Cuba began the second half of the nineteenth century chafing under Spanish rule and as the prize target of British abolitionists and U.S. annexationists, for it remained one of the world’s wealthiest colonies and most conspicuous slave societies. Annual sugar production was approaching 1.5 million metric tons. Per capita income in the western districts that made up the island’s plantation heartland probably exceeded the comparable figures at that time for the United States and Great Britain. The demand for enslaved Africans was rising once again, and before the end of the 1850s annual imports would surpass 20,000 tons, despite Spanish signatures on antislave trade treaties and persistent efforts by the British government to ensure compliance. Sugar and slaves made the booming port of Havana one of the most expensive—and fascinating—cities in the hemisphere in which to live.
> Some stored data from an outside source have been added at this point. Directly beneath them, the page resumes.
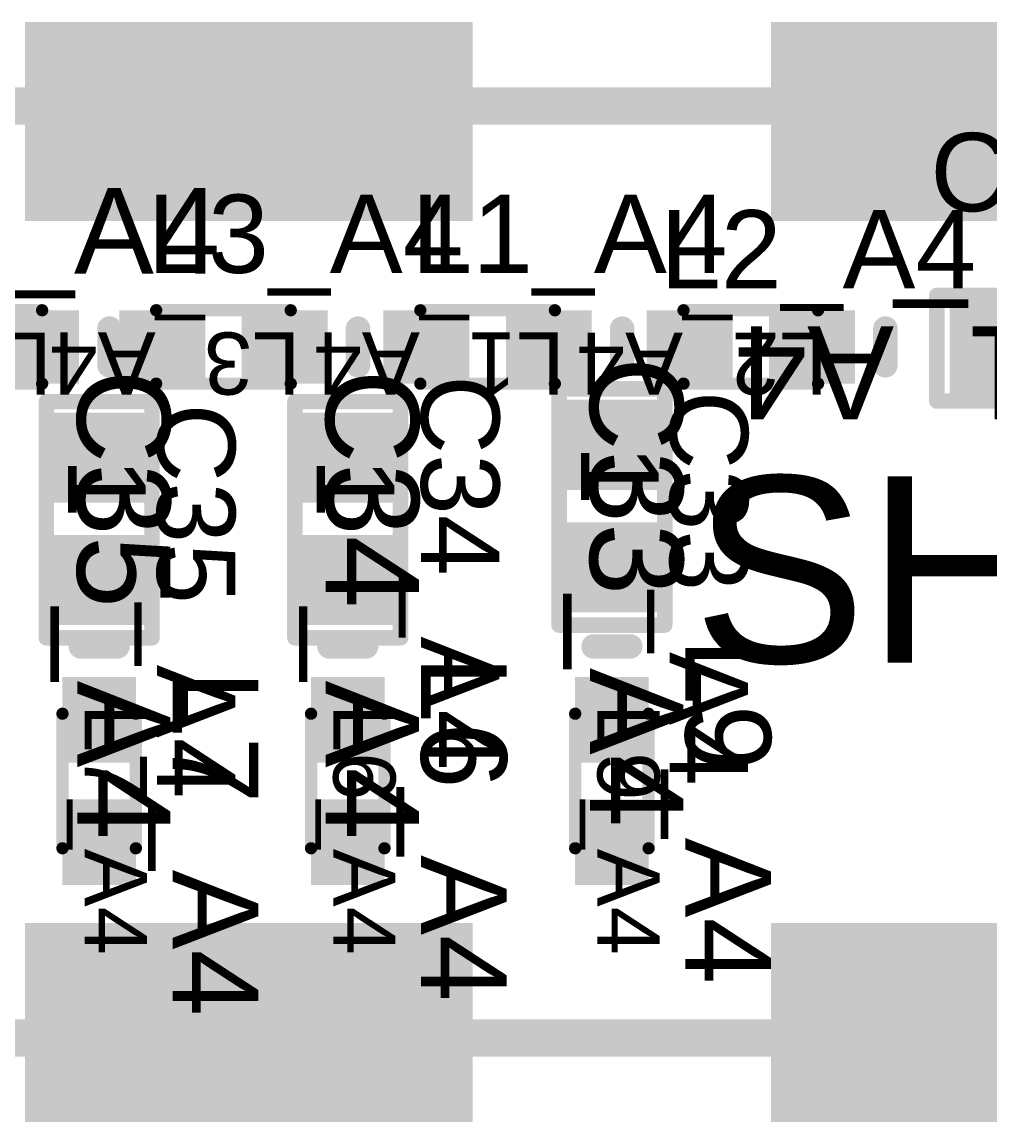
# Model space of a CAD drawing. Header units: inches. Extents: x -0.3 to 12.2, y -3.2 to 4.4.
# Drawn here: x 0.557 to 0.8685, y 1.848 to 2.202 of the extents above; entities that cross this region are included whole.
import ezdxf

# ---------------------------------------------------------------- set-up
doc = ezdxf.new("R2010")
doc.units = ezdxf.units.IN
doc.header["$MEASUREMENT"] = 0
for name, color, linetype in [('FAB', 56, 'Continuous'), ('Top Assembly', 6, 'Continuous'), ('Top Overlay', 2, 'Continuous'), ('Top Paste', 8, 'Continuous'), ('Top Solder', 216, 'Continuous'), ('TOP_L1', 1, 'Continuous')]:
    doc.layers.add(name, color=color, linetype=linetype)
doc.styles.add('Arial', font='', dxfattribs={"height": 0.2})
doc.styles.get('Arial').set_extended_font_data('Arial')

# ---------------------------------------------------------------- blocks, each defined once
blk = doc.blocks.new('RF_S__21')
at = {"layer": 'Top Paste'}
for points in [[(-0.17, 0.175), (-0.17, 0.115), (-0.31, 0.115), (-0.31, 0.175)], [(0.07, 0.175), (0.07, 0.115), (-0.07, 0.115), (-0.07, 0.175)], [(-0.31, -0.175), (-0.31, -0.115), (-0.17, -0.115), (-0.17, -0.175)], [(-0.07, -0.175), (-0.07, -0.115), (0.07, -0.115), (0.07, -0.175)]]:
    blk.add_hatch(color=8, dxfattribs=at).paths.add_polyline_path(points)
at = {"layer": 'Top Solder'}
for points in [[(-0.168, 0.177), (-0.168, 0.113), (-0.312, 0.113), (-0.312, 0.177)], [(0.072, 0.177), (0.072, 0.113), (-0.072, 0.113), (-0.072, 0.177)], [(-0.312, -0.177), (-0.312, -0.113), (-0.168, -0.113), (-0.168, -0.177)], [(-0.072, -0.177), (-0.072, -0.113), (0.072, -0.113), (0.072, -0.177)]]:
    blk.add_hatch(color=216, dxfattribs=at).paths.add_polyline_path(points)
at = {"layer": 'TOP_L1'}
for points in [[(-0.17, 0.175), (-0.17, 0.115), (-0.31, 0.115), (-0.31, 0.175)], [(0.07, 0.175), (0.07, 0.115), (-0.07, 0.115), (-0.07, 0.175)], [(-0.31, -0.175), (-0.31, -0.115), (-0.17, -0.115), (-0.17, -0.175)], [(-0.07, -0.175), (-0.07, -0.115), (0.07, -0.115), (0.07, -0.175)]]:
    blk.add_hatch(color=1, dxfattribs=at).paths.add_polyline_path(points)
at = {"layer": 'Top Assembly'}
for points in [[(-0.5, 0.15, 0.012, 0.012, 0), (0.5, 0.15, 0.012, 0.012, 0)], [(-0.5, -0.15, 0.012, 0.012, 0), (0.5, -0.15, 0.012, 0.012, 0)]]:
    blk.add_lwpolyline(points, format="xyseb", dxfattribs=at)
at = {"layer": 'Top Assembly', "style": 'Arial'}
blk.add_text('SH1_A4', height=0.06, rotation=360, dxfattribs=at).set_placement((-0.0972, -0.02918))
blk = doc.blocks.new('C0402_71')
at = {"layer": 'Top Paste'}
for points in [[(-0.031, -0.0125), (-0.031, 0.0125), (-0.006, 0.0125), (-0.006, -0.0125)], [(0.0084, -0.0125), (0.0084, 0.0125), (0.0334, 0.0125), (0.0334, -0.0125)]]:
    blk.add_hatch(color=8, dxfattribs=at).paths.add_polyline_path(points)
at = {"layer": 'Top Solder'}
for points in [[(-0.033, -0.0145), (-0.033, 0.0145), (-0.004, 0.0145), (-0.004, -0.0145)], [(0.0064, -0.0145), (0.0064, 0.0145), (0.0354, 0.0145), (0.0354, -0.0145)]]:
    blk.add_hatch(color=216, dxfattribs=at).paths.add_polyline_path(points)
at = {"layer": 'TOP_L1'}
for points in [[(-0.031, -0.0125), (-0.031, 0.0125), (-0.006, 0.0125), (-0.006, -0.0125)], [(0.0084, -0.0125), (0.0084, 0.0125), (0.0334, 0.0125), (0.0334, -0.0125)]]:
    blk.add_hatch(color=1, dxfattribs=at).paths.add_polyline_path(points)
at = {"layer": 'Top Assembly'}
for points in [[(-0.0365, -0.017, 0.005, 0.005, 0), (-0.0365, 0.017, 0.005, 0.005, 0)], [(0.0395, 0.017, 0.005, 0.005, 0), (-0.0365, 0.017, 0.005, 0.005, 0)], [(0.0395, -0.017, 0.005, 0.005, 0), (0.0395, 0.017, 0.005, 0.005, 0)], [(0.0395, -0.017, 0.005, 0.005, 0), (-0.0365, -0.017, 0.005, 0.005, 0)]]:
    blk.add_lwpolyline(points, format="xyseb", dxfattribs=at)
for points in [[(-0.03775, 0.017, 0.0025, 0.0025, 1), (-0.03525, 0.017, 0.0025, 0.0025, 1)], [(-0.03775, 0.017, 0.0025, 0.0025, 1), (-0.03525, 0.017, 0.0025, 0.0025, 1)], [(0.03825, 0.017, 0.0025, 0.0025, 1), (0.04075, 0.017, 0.0025, 0.0025, 1)], [(0.03825, 0.017, 0.0025, 0.0025, 1), (0.04075, 0.017, 0.0025, 0.0025, 1)], [(-0.03775, -0.017, 0.0025, 0.0025, 1), (-0.03525, -0.017, 0.0025, 0.0025, 1)], [(-0.03775, -0.017, 0.0025, 0.0025, 1), (-0.03525, -0.017, 0.0025, 0.0025, 1)], [(0.03825, -0.017, 0.0025, 0.0025, 1), (0.04075, -0.017, 0.0025, 0.0025, 1)], [(0.03825, -0.017, 0.0025, 0.0025, 1), (0.04075, -0.017, 0.0025, 0.0025, 1)]]:
    blk.add_lwpolyline(points, format="xyseb", close=True, dxfattribs=at)
at = {"layer": 'Top Overlay'}
for points in [[(0.0365, 0.017, 0.005, 0.005, 0), (-0.0365, 0.017, 0.005, 0.005, 0)], [(-0.0365, -0.017, 0.005, 0.005, 0), (-0.0365, 0.017, 0.005, 0.005, 0)], [(0.0395, 0.017, 0.005, 0.005, 0), (0.0365, 0.017, 0.005, 0.005, 0)], [(0.0395, -0.017, 0.005, 0.005, 0), (0.0395, 0.017, 0.005, 0.005, 0)], [(0.0395, -0.017, 0.005, 0.005, 0), (-0.0365, -0.017, 0.005, 0.005, 0)]]:
    blk.add_lwpolyline(points, format="xyseb", dxfattribs=at)
for points in [[(-0.03775, 0.017, 0.0025, 0.0025, 1), (-0.03525, 0.017, 0.0025, 0.0025, 1)], [(-0.03775, 0.017, 0.0025, 0.0025, 1), (-0.03525, 0.017, 0.0025, 0.0025, 1)], [(0.03525, 0.017, 0.0025, 0.0025, 1), (0.03775, 0.017, 0.0025, 0.0025, 1)], [(0.03525, 0.017, 0.0025, 0.0025, 1), (0.03775, 0.017, 0.0025, 0.0025, 1)], [(0.03825, 0.017, 0.0025, 0.0025, 1), (0.04075, 0.017, 0.0025, 0.0025, 1)], [(0.03825, 0.017, 0.0025, 0.0025, 1), (0.04075, 0.017, 0.0025, 0.0025, 1)], [(-0.03775, -0.017, 0.0025, 0.0025, 1), (-0.03525, -0.017, 0.0025, 0.0025, 1)], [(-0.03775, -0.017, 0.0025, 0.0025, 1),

In this readable, richly illustrated little book, published as part of a series designed to look at Latin American history from unconventional angles, Luis Martínez-Fernández uses the visitation of an obscure British official, subsequently murdered by Cuban assailants, as the central thread with which he deftly interweaves the sights, smells, and social life of Old Havana. Martínez-Fernández uncovered in the Special Collections Library of Duke University the papers and diaries of George Backhouse, a youthful employee of the Foreign Office who was sent to Havana in 1853 to serve as a judge on a special court created decades before to handle cases that involved vessels seized for alleged violations of Anglo-Spanish antislave trade treaties. Backhouse arrived with his pregnant wife Grace, their infant child Alice, and a bundle of cultural predispositions that was quickly punched and prodded by his hosts. Although the judgeship came with a threefold increase in salary, Backhouse found his resources strained in paying for rent, domestic help, and the imported material comforts required of a Victorian gentleman. He frequently overpaid Cuban vendors because he refused to engage in the higgling and haggling they expected. Shopping sprees in Havana’s well-stocked markets, however, helped to alleviate homesickness. While George had trouble managing [End Page 547] the money, Grace had trouble managing the hired help, a train of persons of color who had their own notions of cleanliness and godliness. At street level, Havana had a cosmopolitan character, but residential patterns tended to be segregated. George would eventually live outside Havana’s walls in a German-English enclave whose social cadence was set by the wife of the British consul. As members of the Church of England, the Backhouses had no formal house of worship in Cuba, and they were utterly appalled by the festive behavior of Cubans on the Sabbath. George, although no flaming abolitionist, seems to have developed no close friendships with any member of the Cuban elite, and his tempestuous relations with an English clerk named James Dalrymple stemmed in part from the latter’s overabsorption, after many years in Cuba, of creole folkways.

Grace Backhouse, like her husband, kept a diary while in Cuba, and one of the book’s more interesting chapters portrays what “Life in a ‘Male City’” would have been like for elite white women. Grace spent much time at home reading, writing, and ordering servants about. Women who walked the streets were pejoratively labeled, so travel to shops and friends necessitated a carriage, which, for the elite, was elaborately constructed to effuse status and withstand gaping potholes. Grace could be excused for regarding her Cuban visit as incarcerating.

She returned to England, leaving her husband behind. She would never see him alive again. In August 1855, he was dining at home when two persons of color broke in, and in an apparent attempt at robbery, George was stabbed to death. Cuban authorities never solved the crime, and Martínez-Fernández speculates that the disgruntled James Dalrymple may have been involved. The ending is one of the several surprises in this rewarding story, which should find its way into undergraduate courses in Latin American history as a supplementary text.